Kids Against Hunger-Brainerd Lakes Area undertakes initiative to feed the hungry
One million meals.
One million meals.
It’s an ambitious goal, but one Kids Against Hunger-Brainerd Lakes Area is ready to take, with help from the community.
“Food designed for starving people is what Kids Against Hunger packs,” said John Poston, executive director of the Kids Against Hunger facility in Nisswa.
While the rice-based, protein-packed meals are delivered to food shelves, they primarily are shipped to Haiti, the Philippines and Syria to feed starving people.
Now the local Kids Against Hunger organization is undertaking the Million Meal Challenge to help feed hungry people right here in north central Minnesota with meals that are more familiar to Americans.
“Every food shelf tells me the same thing: ‘We have more clients and we have less food.’ That’s a common thing you hear,” Poston said, noting that not all the food at food shelves is what hungry people should necessarily be eating.
“They need something that is, No. 1, real nutritious; and No. 2, they need something they can rely on all the time,” he said.
Thus, the Million Meal Challenge.
Working with an organization called Outreach, Kids Against Hunger-Brainerd Lakes Area recently received ingredients to pack 50,000 meals — a macaroni and cheese meal and a beans and rice meal, both containing vitamins, minerals and soy for protein.
“Both of these are really nutritious, really healthy. The bad stuff is out of them and it’s something we want them (food shelves) to rely on having constantly,” Poston said.
Meals will be delivered to food shelves, soup kitchens and homeless shelters throughout north central Minnesota. They also will be provided to Operation Sandwich next summer to help feed hungry children who aren’t in school, and to be included in backpack programs at area schools to help feed hungry children.
It costs 25 cents to produce each meal, so Kids Against Hunger-Brainerd Lakes Area seeks to raise a quarter million dollars to buy the ingredients.

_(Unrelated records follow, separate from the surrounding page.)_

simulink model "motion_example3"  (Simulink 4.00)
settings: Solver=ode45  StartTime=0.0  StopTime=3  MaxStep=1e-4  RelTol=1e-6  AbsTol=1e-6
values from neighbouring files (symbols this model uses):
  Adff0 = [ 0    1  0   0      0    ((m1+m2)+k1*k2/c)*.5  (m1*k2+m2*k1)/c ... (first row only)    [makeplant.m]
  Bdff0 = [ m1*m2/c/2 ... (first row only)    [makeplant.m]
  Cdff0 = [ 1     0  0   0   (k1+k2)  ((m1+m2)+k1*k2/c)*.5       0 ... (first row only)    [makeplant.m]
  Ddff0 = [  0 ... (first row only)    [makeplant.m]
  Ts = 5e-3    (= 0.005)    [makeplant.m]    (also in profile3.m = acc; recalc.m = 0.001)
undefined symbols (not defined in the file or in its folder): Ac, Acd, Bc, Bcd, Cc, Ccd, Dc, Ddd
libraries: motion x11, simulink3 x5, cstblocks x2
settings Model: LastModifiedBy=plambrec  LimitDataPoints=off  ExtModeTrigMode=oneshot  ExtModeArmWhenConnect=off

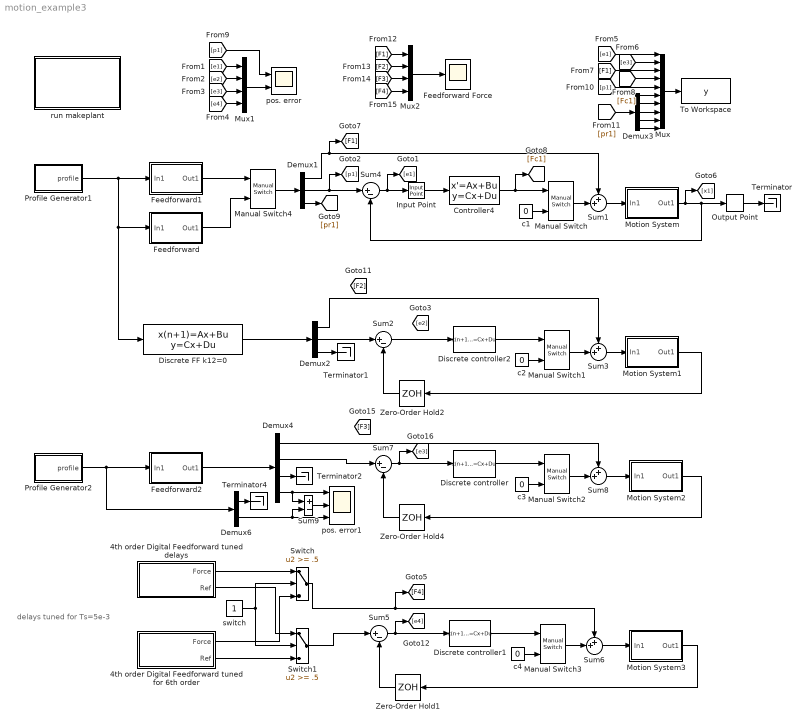
== system motion_example3 ==
  note: delays tuned for Ts=5e-3
  4th order Digital Feedforward tuned delays : Subsystem  mask{t0=.3, x=1, v=1, a=5, j=50, d=1000, Ts=Ts, r=10*eps, s=15, m1=20, m2=10, k1=10, k2=10, c=6.0e5, k12=500}
      mask prompts: t0 "Starting time:  t0 [s]"; x "Displacement:  x [m]"; v "Bound on velocity:  vmax [m/s]"; a "Bound on acceleration:  amax [m/s2]"; j "Bound on jerk: jmax [m/s3]"; d "Bound on derivative of jerk:  dmax [m/s4]"; Ts "Sampling time (0 for continuous):  Ts [s]"; r "Resolution of position [m] (default: 10*eps)"; s "Number of decimals for digitized d (default: 15)"; m1 "Actuator Mass [kg]"; m2 "Load Mass [kg]"; k1 "Actuator to ground Damping [Ns/m]"; k2 "Load to ground Damping [Ns/m]"; c "Spring Stiffness [N/m]"; k12 "Internal Damping [Ns/m]"
      mask init:
      | if length(r)==0 | length(s)==0
      | 	r=10*eps;
      | 	s=15;
      | end
      | [t,dd]=make4(abs(x),v,a,j,d,Ts,r,s);
      | t01=t0-10*eps;
      | if Ts==0
      |    [dj1,tx1,d1,j1,a1,v1,p1,tt1]=profile4(t,dd(1),.001,0);
      | else
      |    [dj1,tx1,d1,j1,a1,v1,p1,tt1]=profile4(t,dd(1),Ts/10,0);
      | end
      settings: RTWFcnNameOpts=Auto  RTWFileNameOpts=Auto
      mask Display:
      | plot([0 dj1(1,:)+t0],[0 dj1(2,:)])
      | text(0.9*(max(dj1(1,:))+t0),0,'F\nx')
  4th order Digital Feedforward tuned for 6th order : Subsystem  mask{t0=.3, x=1, v=1, a=5, j=50, d=1000, Ts=Ts, r=10*eps, s=15, m1=20, m2=10, k1=10, k2=10, c=4.6e5, k12=500}
      mask prompts: t0 "Starting time:  t0 [s]"; x "Displacement:  x [m]"; v "Bound on velocity:  vmax [m/s]"; a "Bound on acceleration:  amax [m/s2]"; j "Bound on jerk: jmax [m/s3]"; d "Bound on derivative of jerk:  dmax [m/s4]"; Ts "Sampling time (0 for continuous):  Ts [s]"; r "Resolution of position [m] (default: 10*eps)"; s "Number of decimals for digitized d (default: 15)"; m1 "Actuator Mass [kg]"; m2 "Load Mass [kg]"; k1 "Actuator to ground Damping [Ns/m]"; k2 "Load to ground Damping [Ns/m]"; c "Spring Stiffness [N/m]"; k12 "Internal Damping [Ns/m]"
      mask init: same as motion_example3/4th order Digital Feedforward tuned delays
      settings: RTWFcnNameOpts=Auto  RTWFileNameOpts=Auto
      mask Display:
      | plot([0 dj1(1,:)+t0],[0 dj1(2,:)])
      | text(0.9*(max(dj1(1,:))+t0),0,'F\nx')
  Controller4 : StateSpace  A=Ac  B=Bc  C=Cc  D=Dc  X0=0  Realization=auto  AbsoluteTolerance=auto
  Demux1 : Demux  Outputs=[1 1 5]  BusSelectionMode=off
  Demux2 : Demux  Outputs=[1 1 4]  BusSelectionMode=off
  Demux3 : Demux  Outputs=5  BusSelectionMode=off
  Demux4 : Demux  Outputs=[1 1 4 1]  BusSelectionMode=off
  Demux6 : Demux  Outputs=2  BusSelectionMode=off
  Discrete FF k12=0 : DiscreteStateSpace  A=Adff0  B=Bdff0  C=Cdff0  D=Ddff0  X0=0  SampleTime=Ts  Realization=auto
  Discrete controller : DiscreteStateSpace  A=Acd  B=Bcd*1.4  C=Ccd  D=Ddd  X0=0  SampleTime=Ts  Realization=auto
  Discrete controller1 : DiscreteStateSpace  A=Acd  B=Bcd*1.4  C=Ccd  D=Ddd  X0=0  SampleTime=Ts  Realization=auto
  Discrete controller2 : DiscreteStateSpace  A=Acd  B=Bcd*1.4  C=Ccd  D=Ddd  X0=0  SampleTime=Ts  Realization=auto
  Feedforward : Subsystem  BlockChoice=4th order continuous
      link override 4th order cont: k1=10  k2=10
      settings: AttributesFormatString=%<BlockChoice>  TemplateBlock=motion/Feedforward Controllers/Feedforward  MemberBlocks=2nd order continuous,2nd order discrete,3d order continuous,3d order discrete,4th order continuous,4th order digital,4th order discrete  RTWFcnNameOpts=Auto  RTWFileNameOpts=Auto
  Feedforward Force : Scope
      settings: TimeRange=3  YMin=-100  YMax=300  SaveToWorkspace=off  SaveName=ScopeData7  LimitDataPoints=on  MaxDataPoints=50000
  Feedforward1 : Subsystem  BlockChoice=4th order continuous
      link override 4th order cont: m1=30  m2=0  k1=20  k2=0  k12=0
      settings: AttributesFormatString=%<BlockChoice>  TemplateBlock=motion/Feedforward Controllers/Feedforward  MemberBlocks=2nd order continuous,2nd order discrete,3d order continuous,3d order discrete,4th order continuous,4th order digital,4th order discrete  RTWFcnNameOpts=Auto  RTWFileNameOpts=Auto
  Feedforward2 : Subsystem  BlockChoice=4th order digital
      link override 4th order digital: r=1e-3
      settings: AttributesFormatString=%<BlockChoice>  TemplateBlock=motion/Feedforward Controllers/Feedforward  MemberBlocks=2nd order continuous,2nd order discrete,3d order continuous,3d order discrete,4th order continuous,4th order digital,4th order discrete  RTWFcnNameOpts=Auto  RTWFileNameOpts=Auto
  Input Point : cstblocks/Input Point
  Manual Switch{,1..4} (5 alike) : simulink3/Nonlinear/Manual Switch  sw=0  action=0
  Motion System : Subsystem  BlockChoice=Parametrized 4th order
      link override Parametrized 4th order: k1=10  k2=10  c=6e5
      settings: AttributesFormatString=%<BlockChoice>  TemplateBlock=motion/Motion Systems1/Motion System  MemberBlocks=2nd order,4th order,6th order,Parametrized 4th order  RTWFcnNameOpts=Auto  RTWFileNameOpts=Auto
  Motion System1 : Subsystem  BlockChoice=Parametrized 4th order
      link override Parametrized 4th order: k1=10  k2=10
      settings: AttributesFormatString=%<BlockChoice>  TemplateBlock=motion/Motion Systems1/Motion System  MemberBlocks=2nd order,4th order,6th order,Parametrized 4th order  RTWFcnNameOpts=Auto  RTWFileNameOpts=Auto
  Motion System2 : Subsystem  BlockChoice=Parametrized 4th order
      link override Parametrized 4th order: k1=10  k2=10
      settings: AttributesFormatString=%<BlockChoice>  TemplateBlock=motion/Motion Systems1/Motion System  MemberBlocks=2nd order,4th order,6th order,Parametrized 4th order  RTWFcnNameOpts=Auto  RTWFileNameOpts=Auto
  Motion System3 : Subsystem  BlockChoice=Parametrized 4th order
      link override Parametrized 4th order: k1=10  k2=10
      settings: AttributesFormatString=%<BlockChoice>  TemplateBlock=motion/Motion Systems1/Motion System  MemberBlocks=2nd order,4th order,6th order,Parametrized 4th order  RTWFcnNameOpts=Auto  RTWFileNameOpts=Auto
  Mux : Mux  Inputs=10
  Mux1 : Mux  Inputs=4
  Mux2 : Mux  Inputs=4
  Output Point : cstblocks/Output Point
  Profile Generator1 : Subsystem  BlockChoice=Derivative of Jerk
      link override Derivative of Jerk: Ts=Ts
      settings: AttributesFormatString=%<BlockChoice>  TemplateBlock=motion/Profile Generators/Profile Generator  MemberBlocks=Acceleration,Derivative of Jerk,Jerk,dJerk with error correction  RTWFcnNameOpts=Auto  RTWFileNameOpts=Auto
  Profile Generator2 : Subsystem  BlockChoice=dJerk with error correction
      link override dJerk with error correction: Ts=Ts  r=1e-3  s=2
      settings: AttributesFormatString=%<BlockChoice>  TemplateBlock=motion/Profile Generators/Profile Generator  MemberBlocks=Acceleration,Derivative of Jerk,Jerk,dJerk with error correction  RTWFcnNameOpts=Auto  RTWFileNameOpts=Auto
  Sum{1,3,6,8} (4 alike) : Sum  Inputs=++|  SaturateOnIntegerOverflow=on
  Sum{2,4..5,7} (4 alike) : Sum  Inputs=|+-  SaturateOnIntegerOverflow=on
  Sum9 : Sum  Inputs=+-  SaturateOnIntegerOverflow=on
  Switch : Switch  Threshold=.5
  Switch1 : Switch  Threshold=.5
  Terminator{,1..2,4} (4 alike) : Terminator
  To Workspace : ToWorkspace  VariableName=y  SampleTime=2e-4  SaveFormat=StructureWithTime
  Zero-Order Hold1 : ZeroOrderHold  Orientation=left  SampleTime=Ts
  Zero-Order Hold2 : ZeroOrderHold  Orientation=left  SampleTime=Ts
  Zero-Order Hold4 : ZeroOrderHold  Orientation=left  SampleTime=Ts
  c{1..4} (4 alike) : Constant  Value=0
  pos. error : Scope  NumInputPorts=2
      settings: TimeRange=3  YMin=0~-8.89489e-008  YMax=1.1~1.0697e-007  SaveToWorkspace=off  SaveName=ScopeData4  LimitDataPoints=on  MaxDataPoints=5000000
  pos. error1 : Scope  NumInputPorts=3
      settings: TimeRange=3  YMin=0~0~-0.006  YMax=1~1.5~0  SaveToWorkspace=off  LimitDataPoints=on  MaxDataPoints=5000000
  run makeplant : Subsystem  ClipboardFcn=edit makeplant
      settings: OpenFcn=makeplant  MoveFcn=edit makeplant  RTWFcnNameOpts=Auto  RTWFileNameOpts=Auto
      mask Display: disp('MAKEPLANT\ndoubleclick to run\nmove to edit')
  switch : Constant  Value=1
  wires:
  Sum1/1 -> Motion System/1(In1)
  Sum4/1 -> Input Point/1, [e1]
  Mux/1 -> To Workspace/1
  Profile Generator1/1(profile) -> Discrete FF k12=0/1, Feedforward/1(In1), Feedforward1/1(In1)
  Output Point/1 -> Terminator/1
  Motion System/1(Out1) -> Output Point/1, Sum4/2, [x1]
  Demux1/2 -> Sum4/1, [p1]
  Demux2/2 -> Sum2/1
  Discrete FF k12=0/1 -> Demux2/1
  Sum3/1 -> Motion System1/1(In1)
  Demux2/1 -> Sum3/1
  Motion System1/1(Out1) -> Zero-Order Hold2/1
  Mux1/1 -> pos. error/2
  Demux1/1 -> [F1], Sum1/1
  Mux2/1 -> Feedforward Force/1
  Demux3/1 -> Mux/6
  Demux3/2 -> Mux/7
  Demux3/3 -> Mux/8
  Demux3/4 -> Mux/9
  Sum2/1 -> Discrete controller2/1
  Demux2/3 -> Terminator1/1
  Zero-Order Hold2/1 -> Sum2/2
  [e1] -> Mux1/1
  [e2] -> Mux1/2
  [e3] -> Mux1/3
  [p1] -> pos. error/1
  [e4] -> Mux1/4
  [e1] -> Mux/1
  [e3] -> Mux/2
  [F1] -> Mux/3
  [Fc1] -> Mux/4
  [p1] -> Mux/5
  Demux1/3 -> [pr1]
  [pr1] -> Demux3/1
  Discrete controller2/1 -> Manual Switch1/1
  c1/1 -> Manual Switch/2
  Controller4/1 -> [Fc1], Manual Switch/1
  Manual Switch/1 -> Sum1/2
  c2/1 -> Manual Switch1/2
  Manual Switch1/1 -> Sum3/2
  [F1] -> Mux2/1
  [F2] -> Mux2/2
  [F3] -> Mux2/3
  [F4] -> Mux2/4
  Sum8/1 -> Motion System2/1(In1)
  Motion System2/1(Out1) -> Zero-Order Hold4/1
  Sum7/1 -> Discrete controller/1, [e3]
  Zero-Order Hold4/1 -> Sum7/2
  Discrete controller/1 -> Manual Switch2/1
  c3/1 -> Manual Switch2/2
  Manual Switch2/1 -> Sum8/2
  Sum6/1 -> Motion System3/1(In1)
  Motion System3/1(Out1) -> Zero-Order Hold1/1
  Sum5/1 -> Discrete controller1/1, [e4]
  Zero-Order Hold1/1 -> Sum5/2
  Discrete controller1/1 -> Manual Switch3/1
  c4/1 -> Manual Switch3/2
  Manual Switch3/1 -> Sum6/2
  Feedforward1/1(Out1) -> Manual Switch4/1
  Manual Switch4/1 -> Demux1/1
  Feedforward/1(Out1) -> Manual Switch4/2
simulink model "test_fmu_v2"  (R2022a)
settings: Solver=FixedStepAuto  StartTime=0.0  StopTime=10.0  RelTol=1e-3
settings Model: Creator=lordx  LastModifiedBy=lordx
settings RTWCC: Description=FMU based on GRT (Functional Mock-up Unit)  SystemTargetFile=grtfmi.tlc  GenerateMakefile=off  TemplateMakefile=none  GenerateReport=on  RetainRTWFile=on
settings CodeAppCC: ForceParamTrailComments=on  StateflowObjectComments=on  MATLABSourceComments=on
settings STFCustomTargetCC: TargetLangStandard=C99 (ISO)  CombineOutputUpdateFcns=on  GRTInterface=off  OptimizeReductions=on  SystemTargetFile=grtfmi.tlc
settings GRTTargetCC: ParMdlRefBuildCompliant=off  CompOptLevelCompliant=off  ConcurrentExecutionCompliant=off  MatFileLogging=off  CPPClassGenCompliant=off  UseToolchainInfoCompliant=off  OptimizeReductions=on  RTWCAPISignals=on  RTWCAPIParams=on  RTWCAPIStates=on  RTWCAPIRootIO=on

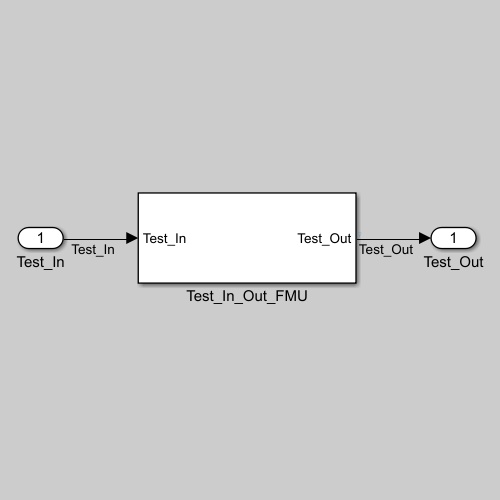
[thumbnail: Simulink's stored preview of the top-level diagram]
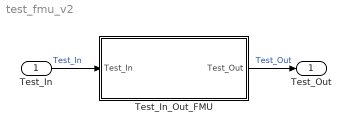
== system test_fmu_v2 ==
  Test_In : Inport
  Test_In_Out_FMU : Subsystem
  Test_Out : Outport
  wires:
  Test_In/1 -> Test_In_Out_FMU/1(Test_In)  "Test_In"
  Test_In_Out_FMU/1(Test_Out) -> Test_Out/1  "Test_Out"

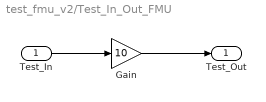
== system test_fmu_v2/Test_In_Out_FMU ==
  Test_In : Inport
  Gain : Gain  Gain=10
  Test_Out : Outport
  wires:
  Test_In/1 -> Gain/1
  Gain/1 -> Test_Out/1

The nonprofit organization will rely on area businesses, civic groups, churches and individuals to raise the money.
“And then we’ll need a lot of volunteers — hundreds of volunteers — to do this,” Poston said.
He expected volunteers to begin packing the macaroni and cheese and beans and rice meals this week. The goal is to be able to buy enough ingredients and pack enough meals to supply food shelves for a year, with the momentum of fundraising and packing meals to then continue.